FIG. 2 is a front center cross-sectional view showing a main part in a state where the nozzle body is retracted in FIG.

3 is a cross-sectional view taken along the line AA in FIG.

FIG. 4 is a front center sectional view of a conventional water spray nozzle.

[Explanation of symbols]

 1 Outer Cylinder 2 Inner Cylinder 3 Nozzle Body 4 Drive Screw Body 5 E-Type Retaining Ring 10 Operating Member (Operating Means) 13 Cylinder End 34 O-Ring Packing (Closing Member) 37 Plug 37a Screw Thread 41 Drive Screw Body Female Thread S Outside distribution route H Main distribution route U Inside distribution route

Claims (2)

[Scope of utility model registration request] 1. An outer cylinder, an inner cylinder fixed to the inner cylinder to form an outer flow path between the outer cylinder and the main body, and a main body flow path is provided inside, and a tip is movable back and forth in the inner cylinder.

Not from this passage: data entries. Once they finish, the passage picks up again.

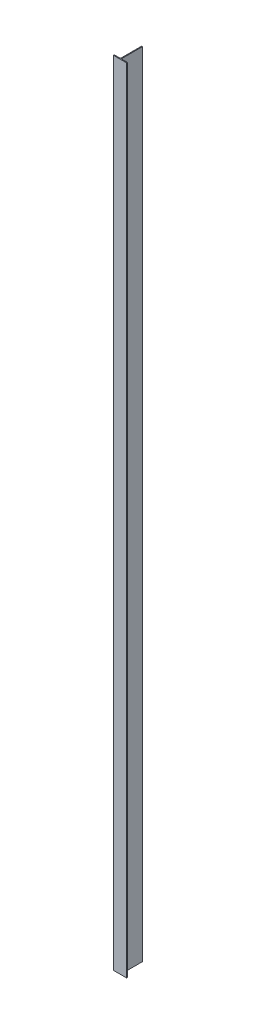
from build123d import *

# Parameters (mm, degrees)
STORE_SOVE_ORTA_1_START = 182.5
STORE_SOVE_ORTA_1_DEPTH = 1427.5


with BuildPart() as part:
    # Sketch1 → STORE_sove_orta_1 (new body)
    with BuildSketch(Plane(origin=(0, 0, 0), x_dir=(1, 0, 0), z_dir=(0, 1, 0)).offset(STORE_SOVE_ORTA_1_START)):
        Polygon((690, -40), (690, -38.5), (701.25, -38.5), (701.25, 0), (702.75, 0), (702.75, -38.5), (714, -38.5), (714, -40), align=None)
    extrude(amount=STORE_SOVE_ORTA_1_DEPTH)


solid = part.part
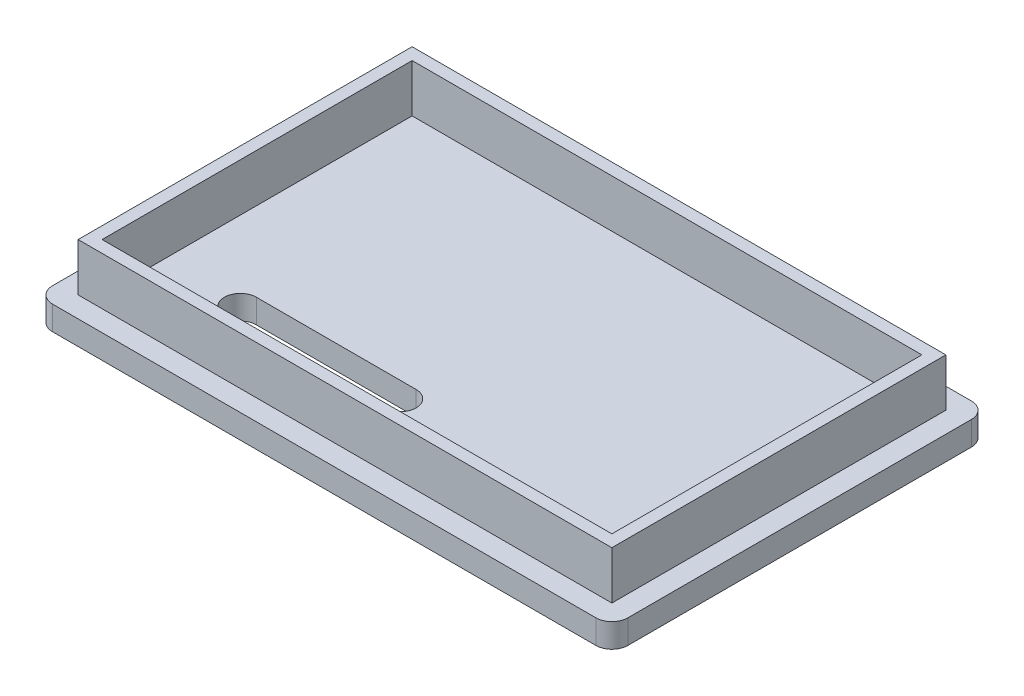
from build123d import *

# Parameters (mm, degrees)
SKETCH2_W           = 72
SKETCH2_H           = 47
BOSS_EXTRUDE1_DEPTH = 3
FILLET1_R           = 2
SKETCH3_W           = 66.8
SKETCH3_H           = 41.8
SKETCH3_W_2         = 63.8
SKETCH3_H_2         = 38.8
BOSS_EXTRUDE2_DEPTH = 6
CUT_EXTRUDE1_DEPTH  = 6


with BuildPart() as part:
    # Sketch2 → Boss-Extrude1 (new body)
    with BuildSketch(Plane(origin=(0, 0, 0), x_dir=(1, 0, 0), z_dir=(0, 1, 0))):
        with Locations((36, 23.5)):
            Rectangle(SKETCH2_W, SKETCH2_H)
    extrude(amount=BOSS_EXTRUDE1_DEPTH)

    # Fillet1
    fillet1_edges = [part.edges().sort_by_distance(p)[0] for p in [
        (0, 1.5, 0),
        (72, 1.5, 0),
        (72, 1.5, -47),
        (0, 1.5, -47),
    ]]
    fillet(fillet1_edges, radius=FILLET1_R)

    # Sketch3 → Boss-Extrude2 (add)
    with BuildSketch(Plane(origin=(0, 3, 0), x_dir=(1, 0, 0), z_dir=(0, 1, 0))):
        with Locations((36, 23.5)):
            Rectangle(SKETCH3_W, SKETCH3_H)
        with Locations((36, 23.5)):
            Rectangle(SKETCH3_W_2, SKETCH3_H_2, mode=Mode.SUBTRACT)
    extrude(amount=BOSS_EXTRUDE2_DEPTH)

    # Sketch4 → Cut-Extrude1 (cut)
    with BuildSketch(Plane.XZ):
        with BuildLine():
            Line((14, -9.5), (34, -9.5))
            ThreePointArc((34, -9.5), (36, -11.5), (34, -13.5))
            Line((34, -13.5), (14, -13.5))
            ThreePointArc((14, -13.5), (12, -11.5), (14, -9.5))
        make_face()
    extrude(amount=-CUT_EXTRUDE1_DEPTH, mode=Mode.SUBTRACT)


solid = part.part
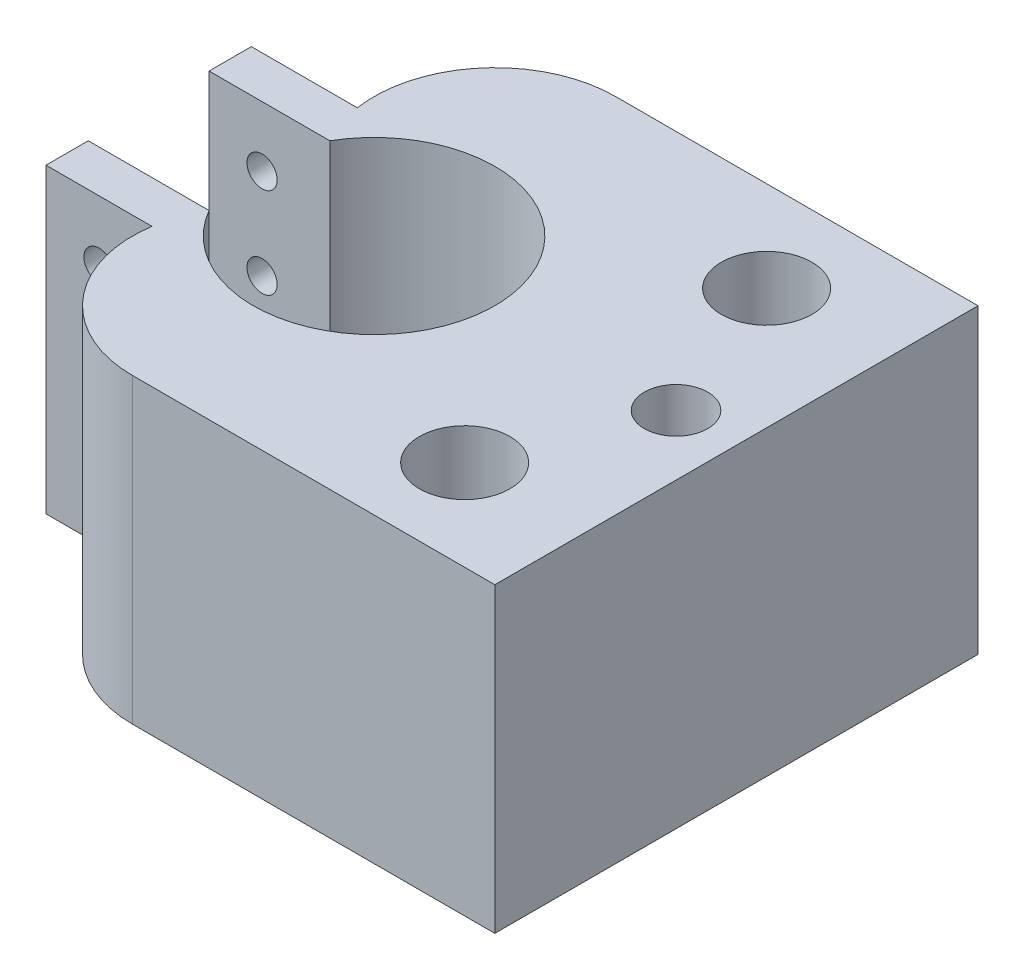
from build123d import *

# Parameters (mm, degrees)
SKETCH1_R           = 7.5
SKETCH1_R_2         = 5.25
BOSS_EXTRUDE1_DEPTH = 50
SKETCH2_R           = 2.5
CUT_EXTRUDE1_DEPTH  = 50


with BuildPart() as part:
    # Sketch1 → Boss-Extrude1 (new body)
    with BuildSketch(Plane(origin=(0, 0, 0), x_dir=(1, 0, 0), z_dir=(0, 1, 0))):
        with BuildLine():
            Line((-20, 40.822928267), (40, 40.822928267))
            Line((40, 40.822928267), (40, -39.177071733))
            Line((40, -39.177071733), (-20, -39.177071733))
            ThreePointArc((-20, -39.177071733), (-35.165750888, -32.215476544), (-39.773719933, -16.177071733))
            Line((-39.773719933, -16.177071733), (-57.320508076, -16.177071733))
            Line((-57.320508076, -16.177071733), (-57.320508076, -9.177071733))
            Line((-57.320508076, -9.177071733), (-37.320508076, -9.177071733))
            ThreePointArc((-37.320508076, -9.177071733), (0, 0.822928267), (-37.320508076, 10.822928267))
            Line((-37.320508076, 10.822928267), (-57.320508076, 10.822928267))
            Line((-57.320508076, 10.822928267), (-57.320508076, 17.822928267))
            Line((-57.320508076, 17.822928267), (-39.773719933, 17.822928267))
            ThreePointArc((-39.773719933, 17.822928267), (-35.165750888, 33.861333077), (-20, 40.822928267))
        make_face()
        with Locations(Location((20, 25.822928267, 0), (0, 0, 270))):
            Circle(SKETCH1_R, mode=Mode.SUBTRACT)
        with Locations(Location((20, -24.177071733, 0), (0, 0, 90))):
            Circle(SKETCH1_R, mode=Mode.SUBTRACT)
        with Locations(Location((30, 0.822928267, 0), (0, 0, 270))):
            Circle(SKETCH1_R_2, mode=Mode.SUBTRACT)
    extrude(amount=BOSS_EXTRUDE1_DEPTH)

    # Sketch2 → Cut-Extrude1 (cut)
    with BuildSketch(Plane.XY.offset(16.177071733)):
        with Locations((-48.547114004, 40)):
            Circle(SKETCH2_R)
        with Locations((-48.547114004, 25)):
            Circle(SKETCH2_R)
        with Locations((-48.547114004, 10)):
            Circle(SKETCH2_R)
    extrude(amount=-CUT_EXTRUDE1_DEPTH, mode=Mode.SUBTRACT)


solid = part.part
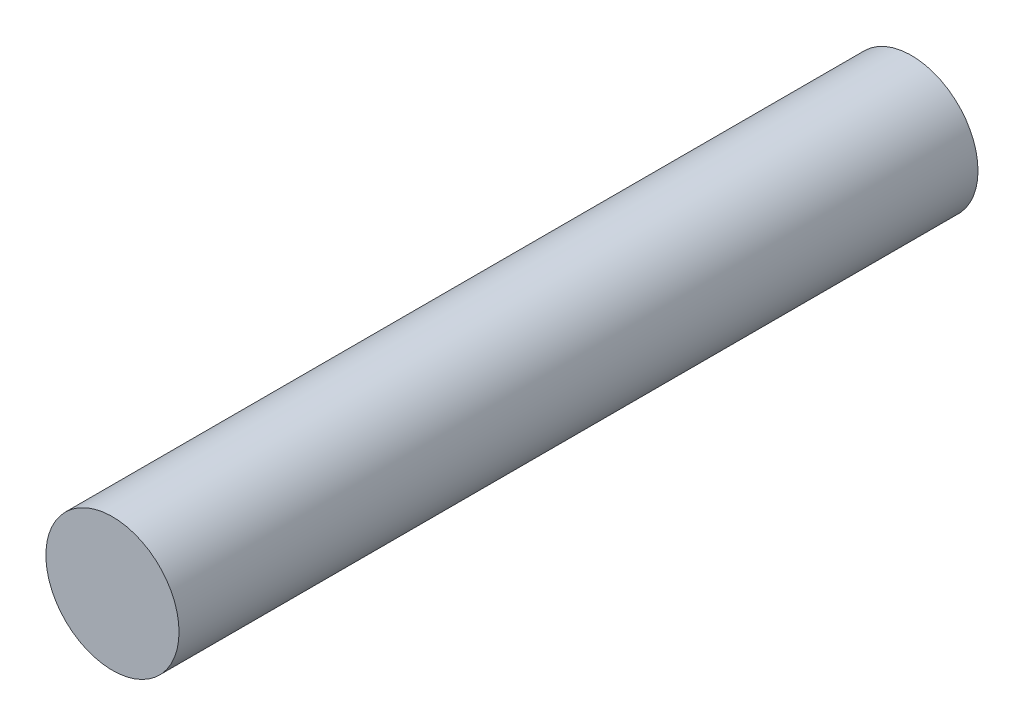
from build123d import *

# Parameters (mm, degrees)
SKETCH1_R      = 25.4
EXTRUDE1_DEPTH = 304.8


with BuildPart() as part:
    # Sketch1 → Extrude1 (new body)
    with BuildSketch(Plane.XY):
        Circle(SKETCH1_R)
    extrude(amount=-EXTRUDE1_DEPTH)


solid = part.part
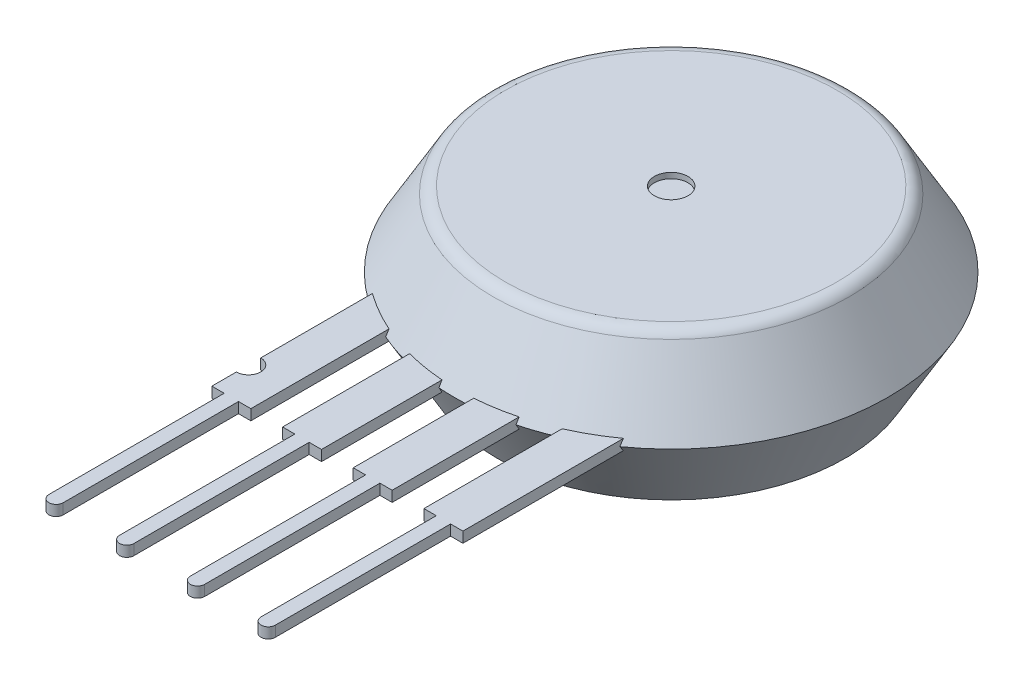
from build123d import *

# Parameters (mm, degrees)
ESQUISSE1_R                  = 7.8
BOSS_EXTRU_1_DEPTH           = 2.675
BOSS_EXTRU_1_TAPER           = 30
BOSS_EXTRU_1_OTHER_WAY_DEPTH = 2.675
BOSS_EXTRU_1_OTHER_WAY_TAPER = 30
BOSS_EXTRU_2_DEPTH           = 0.19
BOSS_EXTRU_2_DEPTH_BACK      = 0.19
ENL_V_MAT_EXTRU_1_DEPTH      = 1.19
ESQUISSE4_R                  = 0.604402157
ENL_V_MAT_EXTRU_2_DEPTH      = 0.2
ESQUISSE5_W                  = 1.06783848
ESQUISSE5_H                  = 1.016251764
ENL_V_MAT_EXTRU_3_DEPTH      = 0.2
CONG_1_R                     = 0.5


with BuildPart() as part:
    # Esquisse1 → Boss.-Extru.1 (new body)
    with BuildSketch(Plane(origin=(0, 0, 0), x_dir=(1, 0, 0), z_dir=(0, 1, 0))):
        Circle(ESQUISSE1_R)
    extrude(amount=BOSS_EXTRU_1_DEPTH, taper=BOSS_EXTRU_1_TAPER)

    # Esquisse1 → Boss.-Extru.1 other way (add)
    with BuildSketch(Plane(origin=(0, 0, 0), x_dir=(1, 0, 0), z_dir=(0, 1, 0))):
        Circle(ESQUISSE1_R)
    extrude(amount=-BOSS_EXTRU_1_OTHER_WAY_DEPTH, taper=BOSS_EXTRU_1_OTHER_WAY_TAPER)

    # Esquisse2 → Boss.-Extru.2 (add, two sides: drawn at the far end of the back side and taken through both)
    with BuildSketch(Plane(origin=(0, 0, 0), x_dir=(1, 0, 0), z_dir=(0, 1, 0)).offset(-BOSS_EXTRU_2_DEPTH_BACK)):
        with BuildLine():
            Line((1.969010028, -12), (1.969010028, -5.174670877))
            Line((1.969010028, -5.174670877), (0.570530435, -5.174670877))
            Line((0.570530435, -5.174670877), (0.570530435, -12))
            Line((0.570530435, -12), (1.014706926, -12))
            Line((1.014706926, -12), (1.014706926, -18.3))
            ThreePointArc((1.014706926, -18.3), (1.271696248, -18.556989322), (1.52868557, -18.3))
            Line((1.52868557, -18.3), (1.52868557, -12))
            Line((1.52868557, -12), (1.969010028, -12))
        make_face()
        with BuildLine():
            Line((4.069208585, -18.3), (4.069208585, -12))
            Line((4.069208585, -12), (4.512824501, -12))
            Line((4.512824501, -12), (4.512824501, -5.174670877))
            Line((4.512824501, -5.174670877), (3.110830289, -5.174670877))
            Line((3.110830289, -5.174670877), (3.110830289, -12))
            Line((3.110830289, -12), (3.555229941, -12))
            Line((3.555229941, -12), (3.555229941, -18.3))
            ThreePointArc((3.555229941, -18.3), (3.812219263, -18.556989322), (4.069208585, -18.3))
        make_face()
        with BuildLine():
            Line((-0.570530435, -5.174670877), (-0.570530435, -12))
            Line((-0.570530435, -12), (-1.014706926, -12))
            Line((-1.014706926, -12), (-1.014706926, -18.3))
            ThreePointArc((-1.014706926, -18.3), (-1.271696248, -18.556989322), (-1.52868557, -18.3))
            Line((-1.52868557, -18.3), (-1.52868557, -12))
            Line((-1.52868557, -12), (-1.969010028, -12))
            Line((-1.969010028, -12), (-1.969010028, -5.174670877))
            Line((-1.969010028, -5.174670877), (-0.570530435, -5.174670877))
        make_face()
        with BuildLine():
            Line((-4.512824501, -5.174670877), (-3.110830289, -5.174670877))
            Line((-3.110830289, -5.174670877), (-3.110830289, -12))
            Line((-3.110830289, -12), (-3.555229941, -12))
            Line((-3.555229941, -12), (-3.555229941, -18.3))
            ThreePointArc((-3.555229941, -18.3), (-3.812219263, -18.556989322), (-4.069208585, -18.3))
            Line((-4.069208585, -18.3), (-4.069208585, -12))
            Line((-4.069208585, -12), (-4.512824501, -12))
            Line((-4.512824501, -12), (-4.512824501, -5.174670877))
        make_face()
    extrude(amount=BOSS_EXTRU_2_DEPTH + BOSS_EXTRU_2_DEPTH_BACK)

    # Esquisse3 → Enlèv. mat.-Extru.1 (cut)
    with BuildSketch(Plane(origin=(0, 0.19, 0), x_dir=(1, 0, 0), z_dir=(0, 1, 0))):
        with BuildLine():
            Line((-4.512824501, -10.241819979), (-4.512824501, -11.117491511))
            ThreePointArc((-4.512824501, -11.117491511), (-4.074988736, -10.679655745), (-4.512824501, -10.241819979))
        make_face()
    extrude(amount=-ENL_V_MAT_EXTRU_1_DEPTH, mode=Mode.SUBTRACT)

    # Esquisse4 → Enlèv. mat.-Extru.2 (cut)
    with BuildSketch(Plane(origin=(0, 2.675, 0), x_dir=(1, 0, 0), z_dir=(0, 1, 0))):
        with Locations(Location((0, 0, 0), (0, 0, 270))):
            Circle(ESQUISSE4_R)
    extrude(amount=-ENL_V_MAT_EXTRU_2_DEPTH, mode=Mode.SUBTRACT)

    # Esquisse5 → Enlèv. mat.-Extru.3 (cut)
    with BuildSketch(Plane.XZ.offset(2.675)):
        Rectangle(ESQUISSE5_W, ESQUISSE5_H)
    extrude(amount=-ENL_V_MAT_EXTRU_3_DEPTH, mode=Mode.SUBTRACT)

    # Congé1
    cong_1_edges = [part.edges().sort_by_distance(p)[0] for p in [
        (-6.25558803, 2.675, 0),
    ]]
    fillet(cong_1_edges, radius=CONG_1_R)


solid = part.part

A nozzle body that is inserted into the inner cylinder to form an inner flow path between the inner cylinder and the inner cylinder, and a closing member that blocks communication between the outer flow path and the inner flow path. In a sprinkling nozzle configured to switch the sprinkling form by selectively passing the water ejected according to the amount of the amount through the outer distribution passage or the inner distribution passage, the nozzle body is supported in its outer cylinder so as to be movable back and forth. The drive mechanism for moving the nozzle back and forth is provided behind the nozzle body.
A watering nozzle, characterized in that the operating means of the drive mechanism is provided at the rear end of the outer cylinder. 2. The sprinkling nozzle according to claim 1, wherein a drive mechanism for moving the nozzle body back and forth is constituted by a screw pair.